The scanner identifies these exposed endpoints and tests for command injection capabilities, flagging any instance where the Docker API responds to unauthenticated requests.

For multi-stage builds, middleBrick checks that build arguments are properly validated and that no sensitive data leaks between stages through injection vulnerabilities.

Remediating injection flaws in Docker environments requires a defense-in-depth approach that addresses both build-time and runtime vulnerabilities. The most effective strategy combines input validation, principle of least privilege, and secure configuration practices.

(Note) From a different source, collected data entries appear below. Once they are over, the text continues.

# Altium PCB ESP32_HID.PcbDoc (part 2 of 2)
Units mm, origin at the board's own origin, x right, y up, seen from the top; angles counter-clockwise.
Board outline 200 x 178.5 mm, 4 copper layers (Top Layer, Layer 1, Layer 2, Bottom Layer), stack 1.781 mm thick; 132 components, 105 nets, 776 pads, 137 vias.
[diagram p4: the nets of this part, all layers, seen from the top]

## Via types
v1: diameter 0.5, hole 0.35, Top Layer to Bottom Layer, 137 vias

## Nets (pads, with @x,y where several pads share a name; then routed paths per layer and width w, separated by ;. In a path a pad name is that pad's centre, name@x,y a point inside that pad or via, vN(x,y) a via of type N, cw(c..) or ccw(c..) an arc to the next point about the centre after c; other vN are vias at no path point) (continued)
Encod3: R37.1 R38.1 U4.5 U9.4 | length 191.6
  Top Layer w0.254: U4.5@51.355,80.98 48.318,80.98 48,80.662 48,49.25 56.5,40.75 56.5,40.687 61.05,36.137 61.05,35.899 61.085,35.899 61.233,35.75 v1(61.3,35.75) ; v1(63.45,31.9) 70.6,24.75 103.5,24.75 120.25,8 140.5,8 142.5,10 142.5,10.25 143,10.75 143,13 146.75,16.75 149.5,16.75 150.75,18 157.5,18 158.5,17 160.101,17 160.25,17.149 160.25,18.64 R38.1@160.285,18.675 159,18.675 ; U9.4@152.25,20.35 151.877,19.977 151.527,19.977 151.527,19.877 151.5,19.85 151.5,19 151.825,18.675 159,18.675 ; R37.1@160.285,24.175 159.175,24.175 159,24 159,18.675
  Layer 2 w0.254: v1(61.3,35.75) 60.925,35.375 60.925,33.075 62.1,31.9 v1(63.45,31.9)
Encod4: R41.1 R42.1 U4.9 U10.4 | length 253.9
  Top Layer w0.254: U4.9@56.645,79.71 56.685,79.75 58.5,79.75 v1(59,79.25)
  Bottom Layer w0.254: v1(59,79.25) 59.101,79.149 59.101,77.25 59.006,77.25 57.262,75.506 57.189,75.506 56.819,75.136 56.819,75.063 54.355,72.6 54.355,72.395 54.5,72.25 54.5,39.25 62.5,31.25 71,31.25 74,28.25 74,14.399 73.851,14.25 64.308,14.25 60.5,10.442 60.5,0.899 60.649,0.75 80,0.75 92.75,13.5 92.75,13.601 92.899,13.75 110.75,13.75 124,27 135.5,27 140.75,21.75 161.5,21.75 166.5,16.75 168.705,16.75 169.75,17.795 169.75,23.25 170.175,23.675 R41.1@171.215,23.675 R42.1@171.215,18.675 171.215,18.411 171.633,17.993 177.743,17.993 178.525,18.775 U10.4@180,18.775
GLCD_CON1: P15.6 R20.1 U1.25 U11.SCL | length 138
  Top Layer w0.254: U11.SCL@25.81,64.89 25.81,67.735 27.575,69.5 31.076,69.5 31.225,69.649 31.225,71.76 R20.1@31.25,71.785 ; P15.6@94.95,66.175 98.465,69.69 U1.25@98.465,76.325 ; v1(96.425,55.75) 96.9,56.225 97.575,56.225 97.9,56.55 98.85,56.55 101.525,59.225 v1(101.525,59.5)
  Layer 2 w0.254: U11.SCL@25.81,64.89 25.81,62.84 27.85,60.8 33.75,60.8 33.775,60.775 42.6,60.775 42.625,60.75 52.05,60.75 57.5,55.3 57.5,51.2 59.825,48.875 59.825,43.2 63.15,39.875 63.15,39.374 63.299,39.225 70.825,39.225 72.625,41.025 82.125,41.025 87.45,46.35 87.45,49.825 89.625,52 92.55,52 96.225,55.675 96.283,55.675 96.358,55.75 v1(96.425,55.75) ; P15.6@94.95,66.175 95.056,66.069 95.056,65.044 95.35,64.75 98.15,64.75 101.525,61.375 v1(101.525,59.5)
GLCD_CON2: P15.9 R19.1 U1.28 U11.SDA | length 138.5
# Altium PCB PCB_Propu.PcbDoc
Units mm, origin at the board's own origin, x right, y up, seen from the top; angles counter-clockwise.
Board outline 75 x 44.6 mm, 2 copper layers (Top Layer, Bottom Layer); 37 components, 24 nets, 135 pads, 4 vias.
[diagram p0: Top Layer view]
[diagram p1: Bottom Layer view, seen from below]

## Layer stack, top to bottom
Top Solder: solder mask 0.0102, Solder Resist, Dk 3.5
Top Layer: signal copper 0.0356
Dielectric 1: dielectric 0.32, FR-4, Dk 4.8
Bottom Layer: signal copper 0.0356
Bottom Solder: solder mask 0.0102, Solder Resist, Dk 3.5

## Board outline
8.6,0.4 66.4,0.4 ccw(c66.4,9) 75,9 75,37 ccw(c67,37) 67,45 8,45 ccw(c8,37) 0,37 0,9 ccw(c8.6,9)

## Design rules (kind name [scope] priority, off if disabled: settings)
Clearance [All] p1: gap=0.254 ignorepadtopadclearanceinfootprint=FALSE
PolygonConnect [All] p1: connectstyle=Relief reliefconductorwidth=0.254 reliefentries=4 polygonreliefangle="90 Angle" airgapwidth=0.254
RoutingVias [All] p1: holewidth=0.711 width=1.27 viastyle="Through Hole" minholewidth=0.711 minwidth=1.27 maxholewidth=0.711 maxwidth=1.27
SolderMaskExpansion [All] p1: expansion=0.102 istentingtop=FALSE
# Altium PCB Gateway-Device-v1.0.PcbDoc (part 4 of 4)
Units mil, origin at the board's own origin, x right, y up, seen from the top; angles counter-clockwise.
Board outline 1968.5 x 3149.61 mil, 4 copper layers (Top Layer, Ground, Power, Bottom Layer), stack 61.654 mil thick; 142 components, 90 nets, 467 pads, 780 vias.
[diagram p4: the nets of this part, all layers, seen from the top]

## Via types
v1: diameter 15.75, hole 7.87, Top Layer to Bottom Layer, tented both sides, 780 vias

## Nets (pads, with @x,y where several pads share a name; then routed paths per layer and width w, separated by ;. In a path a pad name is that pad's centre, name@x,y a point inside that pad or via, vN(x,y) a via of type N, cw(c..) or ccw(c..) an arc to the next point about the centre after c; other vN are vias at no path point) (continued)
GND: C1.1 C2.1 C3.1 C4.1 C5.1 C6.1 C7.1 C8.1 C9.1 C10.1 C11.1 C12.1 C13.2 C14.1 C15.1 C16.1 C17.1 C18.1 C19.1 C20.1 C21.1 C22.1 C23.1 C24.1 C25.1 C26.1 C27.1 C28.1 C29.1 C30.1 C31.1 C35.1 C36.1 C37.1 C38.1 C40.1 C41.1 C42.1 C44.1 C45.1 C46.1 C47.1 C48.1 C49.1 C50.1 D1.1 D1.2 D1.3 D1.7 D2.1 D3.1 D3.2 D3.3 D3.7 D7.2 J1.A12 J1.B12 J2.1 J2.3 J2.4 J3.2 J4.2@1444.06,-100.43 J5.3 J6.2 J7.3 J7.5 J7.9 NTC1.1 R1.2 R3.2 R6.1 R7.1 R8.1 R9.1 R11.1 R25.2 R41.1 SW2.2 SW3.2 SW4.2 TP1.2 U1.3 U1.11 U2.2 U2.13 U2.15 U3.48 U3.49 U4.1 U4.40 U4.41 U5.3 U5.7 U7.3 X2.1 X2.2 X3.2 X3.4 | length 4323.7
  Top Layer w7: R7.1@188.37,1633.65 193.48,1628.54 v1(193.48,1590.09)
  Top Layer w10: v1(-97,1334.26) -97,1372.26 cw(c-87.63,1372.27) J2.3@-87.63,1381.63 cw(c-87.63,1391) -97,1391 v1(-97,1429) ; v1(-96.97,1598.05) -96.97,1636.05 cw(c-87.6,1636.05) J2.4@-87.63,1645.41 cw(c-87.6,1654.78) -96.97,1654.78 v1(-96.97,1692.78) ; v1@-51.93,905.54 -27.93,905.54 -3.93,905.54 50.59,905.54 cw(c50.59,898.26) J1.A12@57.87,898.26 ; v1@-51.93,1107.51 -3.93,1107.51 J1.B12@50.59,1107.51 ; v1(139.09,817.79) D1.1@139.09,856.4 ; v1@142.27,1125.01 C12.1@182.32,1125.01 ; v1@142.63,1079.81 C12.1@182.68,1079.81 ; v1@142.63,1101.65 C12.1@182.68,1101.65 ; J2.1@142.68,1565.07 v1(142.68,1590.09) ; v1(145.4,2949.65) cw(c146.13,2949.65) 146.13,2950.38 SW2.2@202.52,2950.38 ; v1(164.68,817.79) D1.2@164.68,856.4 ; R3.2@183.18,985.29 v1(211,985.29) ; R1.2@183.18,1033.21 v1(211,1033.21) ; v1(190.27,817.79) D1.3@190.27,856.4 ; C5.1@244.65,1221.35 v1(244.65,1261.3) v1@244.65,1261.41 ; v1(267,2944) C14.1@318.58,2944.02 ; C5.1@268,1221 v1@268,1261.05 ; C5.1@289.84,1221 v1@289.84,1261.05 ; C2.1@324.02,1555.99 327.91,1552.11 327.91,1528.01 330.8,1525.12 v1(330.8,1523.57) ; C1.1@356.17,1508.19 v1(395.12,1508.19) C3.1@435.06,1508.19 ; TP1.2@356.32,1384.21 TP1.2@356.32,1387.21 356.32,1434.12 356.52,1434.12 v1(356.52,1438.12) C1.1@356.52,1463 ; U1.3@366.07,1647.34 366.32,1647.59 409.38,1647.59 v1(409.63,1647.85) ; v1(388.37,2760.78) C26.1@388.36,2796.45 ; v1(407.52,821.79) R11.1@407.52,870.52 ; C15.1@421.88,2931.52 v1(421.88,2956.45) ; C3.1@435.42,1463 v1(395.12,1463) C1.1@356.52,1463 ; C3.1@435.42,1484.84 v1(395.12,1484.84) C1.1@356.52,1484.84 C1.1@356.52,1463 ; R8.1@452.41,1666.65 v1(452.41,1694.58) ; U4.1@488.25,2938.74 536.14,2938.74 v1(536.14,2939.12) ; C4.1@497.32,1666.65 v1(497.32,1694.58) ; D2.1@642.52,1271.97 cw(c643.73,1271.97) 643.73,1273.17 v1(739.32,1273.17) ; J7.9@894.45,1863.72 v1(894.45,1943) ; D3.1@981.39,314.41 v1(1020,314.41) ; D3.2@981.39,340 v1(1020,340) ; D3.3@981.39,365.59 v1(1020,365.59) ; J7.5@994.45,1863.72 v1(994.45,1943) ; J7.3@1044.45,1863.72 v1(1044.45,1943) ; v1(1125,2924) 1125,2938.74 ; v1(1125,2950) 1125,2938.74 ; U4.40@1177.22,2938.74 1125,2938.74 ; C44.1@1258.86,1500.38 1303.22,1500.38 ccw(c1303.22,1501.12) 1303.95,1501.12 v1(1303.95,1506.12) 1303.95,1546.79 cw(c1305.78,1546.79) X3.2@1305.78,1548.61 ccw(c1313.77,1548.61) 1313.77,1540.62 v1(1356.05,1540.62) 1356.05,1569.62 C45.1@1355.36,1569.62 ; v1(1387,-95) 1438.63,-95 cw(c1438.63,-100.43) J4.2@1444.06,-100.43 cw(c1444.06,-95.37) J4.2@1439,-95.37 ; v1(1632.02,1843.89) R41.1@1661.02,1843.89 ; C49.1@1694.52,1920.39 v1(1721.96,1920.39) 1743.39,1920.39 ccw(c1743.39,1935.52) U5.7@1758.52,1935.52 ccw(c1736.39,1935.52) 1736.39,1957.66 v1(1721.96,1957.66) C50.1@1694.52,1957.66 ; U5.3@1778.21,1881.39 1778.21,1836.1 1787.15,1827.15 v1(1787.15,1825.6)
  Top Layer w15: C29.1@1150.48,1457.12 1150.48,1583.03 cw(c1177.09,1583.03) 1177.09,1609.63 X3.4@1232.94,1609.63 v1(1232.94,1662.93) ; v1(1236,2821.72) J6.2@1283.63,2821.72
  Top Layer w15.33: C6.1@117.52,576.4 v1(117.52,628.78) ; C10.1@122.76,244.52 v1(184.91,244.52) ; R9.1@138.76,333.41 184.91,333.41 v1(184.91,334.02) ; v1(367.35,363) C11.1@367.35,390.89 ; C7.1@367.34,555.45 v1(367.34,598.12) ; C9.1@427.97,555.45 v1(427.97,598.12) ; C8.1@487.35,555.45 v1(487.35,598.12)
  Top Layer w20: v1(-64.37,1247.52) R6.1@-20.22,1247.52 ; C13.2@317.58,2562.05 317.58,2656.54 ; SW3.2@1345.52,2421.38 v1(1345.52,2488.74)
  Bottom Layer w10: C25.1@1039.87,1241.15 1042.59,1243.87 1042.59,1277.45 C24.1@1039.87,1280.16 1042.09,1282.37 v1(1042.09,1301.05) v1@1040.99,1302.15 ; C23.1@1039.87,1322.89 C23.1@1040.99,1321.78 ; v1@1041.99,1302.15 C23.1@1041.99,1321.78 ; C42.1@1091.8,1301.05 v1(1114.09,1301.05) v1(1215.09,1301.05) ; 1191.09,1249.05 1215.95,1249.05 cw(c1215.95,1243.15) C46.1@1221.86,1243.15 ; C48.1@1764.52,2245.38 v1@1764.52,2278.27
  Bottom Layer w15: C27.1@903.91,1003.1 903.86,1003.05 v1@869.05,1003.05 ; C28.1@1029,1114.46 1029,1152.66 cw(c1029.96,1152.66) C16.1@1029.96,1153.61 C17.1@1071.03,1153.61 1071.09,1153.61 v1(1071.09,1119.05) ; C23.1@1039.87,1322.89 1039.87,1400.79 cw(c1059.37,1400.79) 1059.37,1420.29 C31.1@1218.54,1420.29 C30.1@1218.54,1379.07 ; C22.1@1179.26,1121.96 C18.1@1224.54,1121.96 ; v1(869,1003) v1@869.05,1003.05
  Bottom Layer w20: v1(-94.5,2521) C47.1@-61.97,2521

For Docker commands, always validate and sanitize user inputs before passing them to the Docker CLI:

#!/bin/bash
# Secure pattern: validate container names
function validate_container_name() {
  if [[ $1 =~ ^[a-zA-Z0-9_-]+$ ]]; then
    echo "$1"
  else
    echo "Invalid container name: $1" >&2
    exit 1
  fi
}

CONTAINER_NAME=$(validate_container_name "$USER_INPUT")
docker run -d -p 80:80 --name "$CONTAINER_NAME" myapp

In Dockerfiles, avoid using unvalidated variables in RUN commands. Instead, use explicit package lists or validate inputs:

FROM alpine:latest
# Secure: explicit package list, no variable interpolation
RUN apk add --no-cache nodejs npm

# If variables must be used, validate them
ARG NPM_PACKAGES
RUN if [[ $NPM_PACKAGES =~ ^[a-zA-Z0-9@\/\-\.\,\s]+$ ]]; then \
      npm install $NPM_PACKAGES; \
    else \
      echo "Invalid packages: $NPM_PACKAGES"; \
      exit 1; \
    fi

For Docker Compose files, use environment files with strict validation rather than direct variable interpolation:

# .env file with validation
# Only allow specific versions
VALID_VERSIONS="1.0 1.1 1.2"
if [[ ! " $VALID_VERSIONS " =~ " $BUILD_VERSION " ]]; then
  echo "Invalid BUILD_VERSION: $BUILD_VERSION" >&2
  exit 1
fi

# docker-compose.yml
version: '3.8'
services:
  web:
    build:
      context: .
      args:
        - VERSION=${BUILD_VERSION}
    environment:
      - DATABASE_URL=${DB_URL}

Network exposure of the Docker daemon should be eliminated. Use Unix sockets instead of TCP ports:

# Secure: Docker daemon only accessible via Unix socket
systemctl edit docker.service
# Add: ExecStart=...
# Remove: -H fd:// -H tcp://0.0.0.0:2375

Implement user namespace remapping to prevent container-to-host privilege escalation:

# /etc/docker/daemon.json
{
  "userns-remap": "default"
}

For CI/CD pipelines that build Docker images, use Kaniko or BuildKit in unprivileged mode rather than allowing Docker-in-Docker patterns that could be exploited for injection attacks.